* [EXERCISE AIM]:
The lines you return should be those containing the string "CityJSON", taken from the data below.

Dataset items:
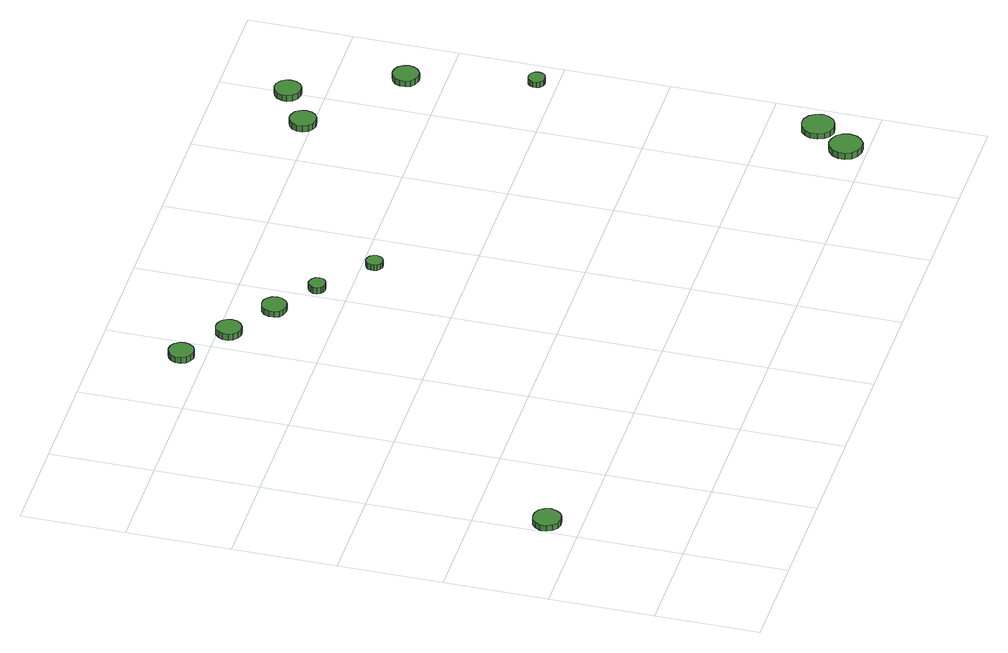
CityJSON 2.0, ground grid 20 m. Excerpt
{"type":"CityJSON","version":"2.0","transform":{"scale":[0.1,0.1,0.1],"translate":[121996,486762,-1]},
"CityObjects":{
"tree1":{"type":"SolitaryVegetationObject","attributes":{"function":"something"},"geometry":[{"type":"MultiSurface","lod":"1","boundaries":[[[0,1,2,3,4,5,6,7,8,9,10,11,12,13,14]],[[15,16,17,18,19,20,21,22,23,24,25,26,27,28,29]],[[0,29,28,1]],[[1,28,27,2]],[[2,27,26,3]],[[3,26,25,4]],[[4,25,24,5]],[[5,24,23,6]],[[6,23,22,7]],[[7,22,21,8]],[[8,21,20,9]],[[9,20,19,10]],[[10,19,18,11]],[[11,18,17,12]],[[12,17,16,13]],[[13,16,15,14]],[[14,15,29,0]]]}]},
"tree2":{"type":"SolitaryVegetationObject","attributes":{"function":"something"},"geometry":[{"type":"MultiSurface","lod":"1","boundaries":[[[30,31,32,33,34,35,36,37,38,39,40,41,42,43,44]],[[45,46,47,48,49,50,51,52,53,54,55,56,57,58,59]],[[30,59,58,31]],[[31,58,57,32]],[[32,57,56,33]],[[33,56,55,34]],[[34,55,54,35]],[[35,54,53,36]],[[36,53,52,37]],[[37,52,51,38]],[[38,51,50,39]],[[39,50,49,40]],[[40,49,48,41]],[[41,48,47,42]],[[42,47,46,43]],[[43,46,45,44]],[[44,45,59,30]]]}]},
"tree3":{"type":"SolitaryVegetationObject","attributes":{"function":"something"},"geometry":[{"type":"MultiSurface","lod":"1","boundaries":[[[60,61,62,63,64,65,66,67,68,69,70,71,72,73,74]],[[75,76,77,78,79,80,81,82,83,84,85,86,87,88,89]],[[60,89,88,61]],[[61,88,87,62]],[[62,87,86,63]],[[63,86,85,64]],[[64,85,84,65]],[[65,84,83,66]],[[66,83,82,67]],[[67,82,81,68]],[[68,81,80,69]],[[69,80,79,70]],[[70,79,78,71]],[[71,78,77,72]],[[72,77,76,73]],[[73,76,75,74]],[[74,75,89,60]]]}]},
"tree4":{"type":"SolitaryVegetationObject","attributes":{"function":"something"},"geometry":[{"type":"MultiSurface","lod":"1","boundaries":[[[90,91,92,93,94,95,96,97,98,99,100,101,102,103,104]],[[105,106,107,108,109,110,111,112,113,114,115,116,117,118,119]],[[90,119,118,91]],[[91,118,117,92]],[[92,117,116,93]],[[93,116,115,94]],[[94,115,114,95]],[[95,114,113,96]],[[96,113,112,97]],[[97,112,111,98]],[[98,111,110,99]],[[99,110,109,100]],[[100,109,108,101]],[[101,108,107,102]],[[102,107,106,103]],[[103,106,105,104]],[[104,105,119,90]]]}]},
"tree5":{"type":"SolitaryVegetationObject","attributes":{"function":"something"},"geometry":[{"type":"MultiSurface","lod":"1","boundaries":[[[120,121,122,123,124,125,126,127,128,129,130,131,132,133,134]],[[135,136,137,138,139,140,141,142,143,144,145,146,147,148,149]],[[120,149,148,121]],[[121,148,147,122]],[[122,147,146,123]],[[123,146,145,124]],[[124,145,144,125]],[[125,144,143,126]],[[126,143,142,127]],[[127,142,141,128]],[[128,141,140,129]],[[129,140,139,130]],[[130,139,138,131]],[[131,138,137,132]],[[132,137,136,133]],[[133,136,135,134]],[[134,135,149,120]]]}]},
"tree6":{"type":"SolitaryVegetationObject","attributes":{"function":"something"},"geometry":[{"type":"MultiSurface","lod":"1","boundaries":[[[150,151,152,153,154,155,156,157,158,159,160,161,162,163,164]],[[165,166,167,168,169,170,171,172,173,174,175,176,177,178,179]],[[150,179,178,151]],[[151,178,177,152]],[[152,177,176,153]],[[153,176,175,154]],[[154,175,174,155]],[[155,174,173,156]],[[156,173,172,157]],[[157,172,171,158]],[[158,171,170,159]],[[159,170,169,160]],[[160,169,168,161]],[[161,168,167,162]],[[162,167,166,163]],[[163,166,165,164]],[[164,165,179,150]]]}]},
"tree7":{"type":"SolitaryVegetationObject","attributes":{"function":"something"},"geometry":[{"type":"MultiSurface","lod":"1","boundaries":[[[180,181,182,183,184,185,186,187,188,189,190,191,192,193,194]],[[195,196,197,198,199,200,201,202,203,204,205,206,207,208,209]],[[180,209,208,181]],[[181,208,207,182]],[[182,207,206,183]],[[183,206,205,184]],[[184,205,204,185]],[[185,204,203,186]],[[186,203,202,187]],[[187,202,201,188]],[[188,201,200,189]],[[189,200,199,190]],[[190,199,198,191]],[[191,198,197,192]],[[192,197,196,193]],[[193,196,195,194]],[[194,195,209,180]]]}]},
"tree8":{"type":"SolitaryVegetationObject","attributes":{"function":"something"},"geometry":[{"type":"MultiSurface","lod":"1","boundaries":[[[210,211,212,213,214,215,216,217,218,219,220,221,222,223,224]],[[225,226,227,228,229,230,231,232,233,234,235,236,237,238,239]],[[210,239,238,211]],[[211,238,237,212]],[[212,237,236,213]],[[213,236,235,214]],[[214,235,234,215]],[[215,234,233,216]],[[216,233,232,217]],[[217,232,231,218]],[[218,231,230,219]],[[219,230,229,220]],[[220,229,228,221]],[[221,228,227,222]],[[222,227,226,223]],[[223,226,225,224]],[[224,225,239,210]]]}]},
"tree9":{"type":"SolitaryVegetationObject","attributes":{"function":"something"},"geometry":[{"type":"MultiSurface","lod":"1","boundaries":[[[240,241,242,243,244,245,246,247,248,249,250,251,252,253,254]],[[255,256,257,258,259,260,261,262,263,264,265,266,267,268,269]],[[240,269,268,241]],[[241,268,267,242]],[[242,267,266,243]],[[243,266,265,244]],[[244,265,264,245]],[[245,264,263,246]],[[246,263,262,247]],[[247,262,261,248]],[[248,261,260,249]],[[249,260,259,250]],[[250,259,258,251]],[[251,258,257,252]],[[252,257,256,253]],[[253,256,255,254]],[[254,255,269,240]]]}]},
"tree10":{"type":"SolitaryVegetationObject","attributes":{"function":"something"},"geometry":[{"type":"MultiSurface","lod":"1","boundaries":[[[270,271,272,273,274,275,276,277,278,279,280,281,282,283,284]],[[285,286,287,288,289,290,291,292,293,294,295,296,297,298,299]],[[270,299,298,271]],[[271,298,297,272]],[[272,297,296,273]],[[273,296,295,274]],[[274,295,294,275]],[[275,294,293,276]],[[276,293,292,277]],[[277,292,291,278]],[[278,291,290,279]],[[279,290,289,280]],[[280,289,288,281]],[[281,288,287,282]],[[282,287,286,283]],[[283,286,285,284]],[[284,285,299,270]]]}]},
"tree11":{"type":"SolitaryVegetationObject","attributes":{"function":"something"},"geometry":[{"type":"MultiSurface","lod":"1","boundaries":[[[300,301,302,303,304,305,306,307,308,309,310,311,312,313,314]],[[315,316,317,318,319,320,321,322,323,324,325,326,327,328,329]],[[300,329,328,301]],[[301,328,327,302]],[[302,327,326,303]],[[303,326,325,304]],[[304,325,324,305]],[[305,324,323,306]],[[306,323,322,307]],[[307,322,321,308]],[[308,321,320,309]],[[309,320,319,310]],[[310,319,318,311]],[[311,318,317,312]],[[312,317,316,313]],[[313,316,315,314]],[[314,315,329,300]]]}]},
"tree12":{"type":"SolitaryVegetationObject","attributes":{"function":"something"},"geometry":[{"type":"MultiSurface","lod":"1","boundaries":[[[330,331,332,333,334,335,336,337,338,339,340,341,342,343,344]],[[345,346,347,348,349,350,351,352,353,354,355,356,357,358,359]],[[330,359,358,331]],[[331,358,357,332]],[[332,357,356,333]],[[333,356,355,334]],[[334,355,354,335]],[[335,354,353,336]],[[336,353,352,337]],[[337,352,351,338]],[[338,351,350,339]],[[339,350,349,340]],[[340,349,348,341]],[[341,348,347,342]],[[342,347,346,343]],[[343,346,345,344]],[[344,345,359,330]]]}]}
},
"vertices":[
[59,266,19],[56,277,19],[50,286,19],[40,291,19],[29,292,19],[18,289,19],[10,281,19],[5,271,19],[5,260,19],[10,250,19],[18,242,19],[29,239,19],[40,240,19],[50,246,19],[56,255,19],[56,255,7],[50,246,7],[40,240,7],[29,239,7],[18,242,7],[10,250,7],[5,260,7],[5,271,7],[10,281,7],[18,289,7],[29,292,7],[40,291,7],[50,286,7],[56,277,7],[59,266,7],
[366,1041,33],[364,1051,33],[358,1059,33],[350,1064,33],[340,1065,33],[330,1062,33],[323,1055,33],[319,1046,33],[319,1036,33],[323,1027,33],[330,1021,33],[340,1017,33],[350,1019,33],[358,1023,33],[364,1032,33],[364,1032,20],[358,1023,20],[350,1019,20],[340,1017,20],[330,1021,20],[323,1027,20],[319,1036,20],[319,1046,20],[323,1055,20],[330,1062,20],[340,1065,20],[350,1064,20],[358,1059,20],[364,1051,20],[366,1041,20],
[458,976,33],[456,986,33],[450,994,33],[442,999,33],[432,1000,33],[422,997,33],[415,990,33],[411,981,33],[411,971,33],[415,962,33],[422,955,33],[432,952,33],[442,953,33],[450,958,33],[456,966,33],[456,966,20],[450,958,20],[442,953,20],[432,952,20],[422,955,20],[415,962,20],[411,971,20],[411,981,20],[415,990,20],[422,997,20],[432,1000,20],[442,999,20],[450,994,20],[456,986,20],[458,976,20],
[549,914,32],[547,924,32],[541,932,32],[533,937,32],[523,938,32],[513,935,32],[506,928,32],[502,919,32],[502,909,32],[506,900,32],[513,894,32],[523,891,32],[533,892,32],[541,897,32],[547,905,32],[547,905,20],[541,897,20],[533,892,20],[523,891,20],[513,894,20],[506,900,20],[502,909,20],[502,919,20],[506,928,20],[513,935,20],[523,938,20],[533,937,20],[541,932,20],[547,924,20],[549,914,20],
[626,856,32],[625,863,32],[621,868,32],[615,871,32],[608,872,32],[602,870,32],[597,865,32],[594,859,32],[594,853,32],[597,846,32],[602,842,32],[608,840,32],[615,841,32],[621,844,32],[625,849,32],[625,849,19],[621,844,19],[615,841,19],[608,840,19],[602,842,19],[597,846,19],[594,853,19],[594,859,19],[597,865,19],[602,870,19],[608,872,19],[615,871,19],[621,868,19],[625,863,19],[626,856,19],
[720,773,33],[718,779,33],[714,785,33],[709,788,33],[702,789,33],[696,786,33],[691,782,33],[689,776,33],[689,770,33],[691,764,33],[696,759,33],[702,757,33],[709,758,33],[714,761,33],[718,767,33],[718,767,21],[714,761,21],[709,758,21],[702,757,21],[696,759,21],[691,764,21],[689,770,21],[689,776,21],[691,782,21],[696,786,21],[702,789,21],[709,788,21],[714,785,21],[718,779,21],[720,773,21],
[1313,37,30],[1310,50,30],[1303,60,30],[1292,66,30],[1279,68,30],[1267,64,30],[1257,55,30],[1252,43,30],[1252,31,30],[1257,19,30],[1267,10,30],[1279,6,30],[1292,7,30],[1303,14,30],[1310,24,30],[1310,24,17],[1303,14,17],[1292,7,17],[1279,6,17],[1267,10,17],[1257,19,17],[1252,31,17],[1252,43,17],[1257,55,17],[1267,64,17],[1279,68,17],[1292,66,17],[1303,60,17],[1310,50,17],[1313,37,17],
[1358,101,31],[1355,114,31],[1348,124,31],[1336,131,31],[1324,132,31],[1311,128,31],[1302,119,31],[1297,108,31],[1297,95,31],[1302,83,31],[1311,74,31],[1324,70,31],[1336,72,31],[1348,78,31],[1355,89,31],[1355,89,19],[1348,78,19],[1336,72,19],[1324,70,19],[1311,74,19],[1302,83,19],[1297,95,19],[1297,108,19],[1302,119,19],[1311,128,19],[1324,132,19],[1336,131,19],[1348,124,19],[1355,114,19],[1358,101,19],
[1122,1014,33],[1120,1024,33],[1114,1033,33],[1105,1038,33],[1095,1039,33],[1085,1036,33],[1077,1029,33],[1073,1019,33],[1073,1009,33],[1077,999,33],[1085,992,33],[1095,989,33],[1105,990,33],[1114,995,33],[1120,1004,33],[1120,1004,20],[1114,995,20],[1105,990,20],[1095,989,20],[1085,992,20],[1077,999,20],[1073,1009,20],[1073,1019,20],[1077,1029,20],[1085,1036,20],[1095,1039,20],[1105,1038,20],[1114,1033,20],[1120,1024,20],[1122,1014,20],
[1208,1066,32],[1206,1076,32],[1200,1084,32],[1191,1090,32],[1181,1091,32],[1171,1087,32],[1163,1080,32],[1159,1071,32],[1159,1061,32],[1163,1051,32],[1171,1044,32],[1181,1041,32],[1191,1042,32],[1200,1047,32],[1206,1056,32],[1206,1056,19],[1200,1047,19],[1191,1042,19],[1181,1041,19],[1171,1044,19],[1163,1051,19],[1159,1061,19],[1159,1071,19],[1163,1080,19],[1171,1087,19],[1181,1091,19],[1191,1090,19],[1200,1084,19],[1206,1076,19],[1208,1066,19],
[1341,633,38],[1340,640,38],[1336,645,38],[1330,648,38],[1323,649,38],[1317,647,38],[1312,642,38],[1309,636,38],[1309,630,38],[1312,624,38],[1317,619,38],[1323,617,38],[1330,618,38],[1336,621,38],[1340,627,38],[1340,627,26],[1336,621,26],[1330,618,26],[1323,617,26],[1317,619,26],[1312,624,26],[1309,630,26],[1309,636,26],[1312,642,26],[1317,647,26],[1323,649,26],[1330,648,26],[1336,645,26],[1340,640,26],[1341,633,26],
[1303,868,35],[1301,878,35],[1295,887,35],[1286,892,35],[1276,893,35],[1266,890,35],[1258,883,35],[1254,873,35],[1254,863,35],[1258,853,35],[1266,847,35],[1276,843,35],[1286,844,35],[1295,850,35],[1301,858,35],[1301,858,23],[1295,850,23],[1286,844,23],[1276,843,23],[1266,847,23],[1258,853,23],[1254,863,23],[1254,873,23],[1258,883,23],[1266,890,23],[1276,893,23],[1286,892,23],[1295,887,23],[1301,878,23],[1303,868,23]
]}

* [RESULT FOR THIS EXERCISE]:
CityJSON 2.0, ground grid 20 m. Excerpt
{"type":"CityJSON","version":"2.0","transform":{"scale":[0.1,0.1,0.1],"translate":[121996,486762,-1]},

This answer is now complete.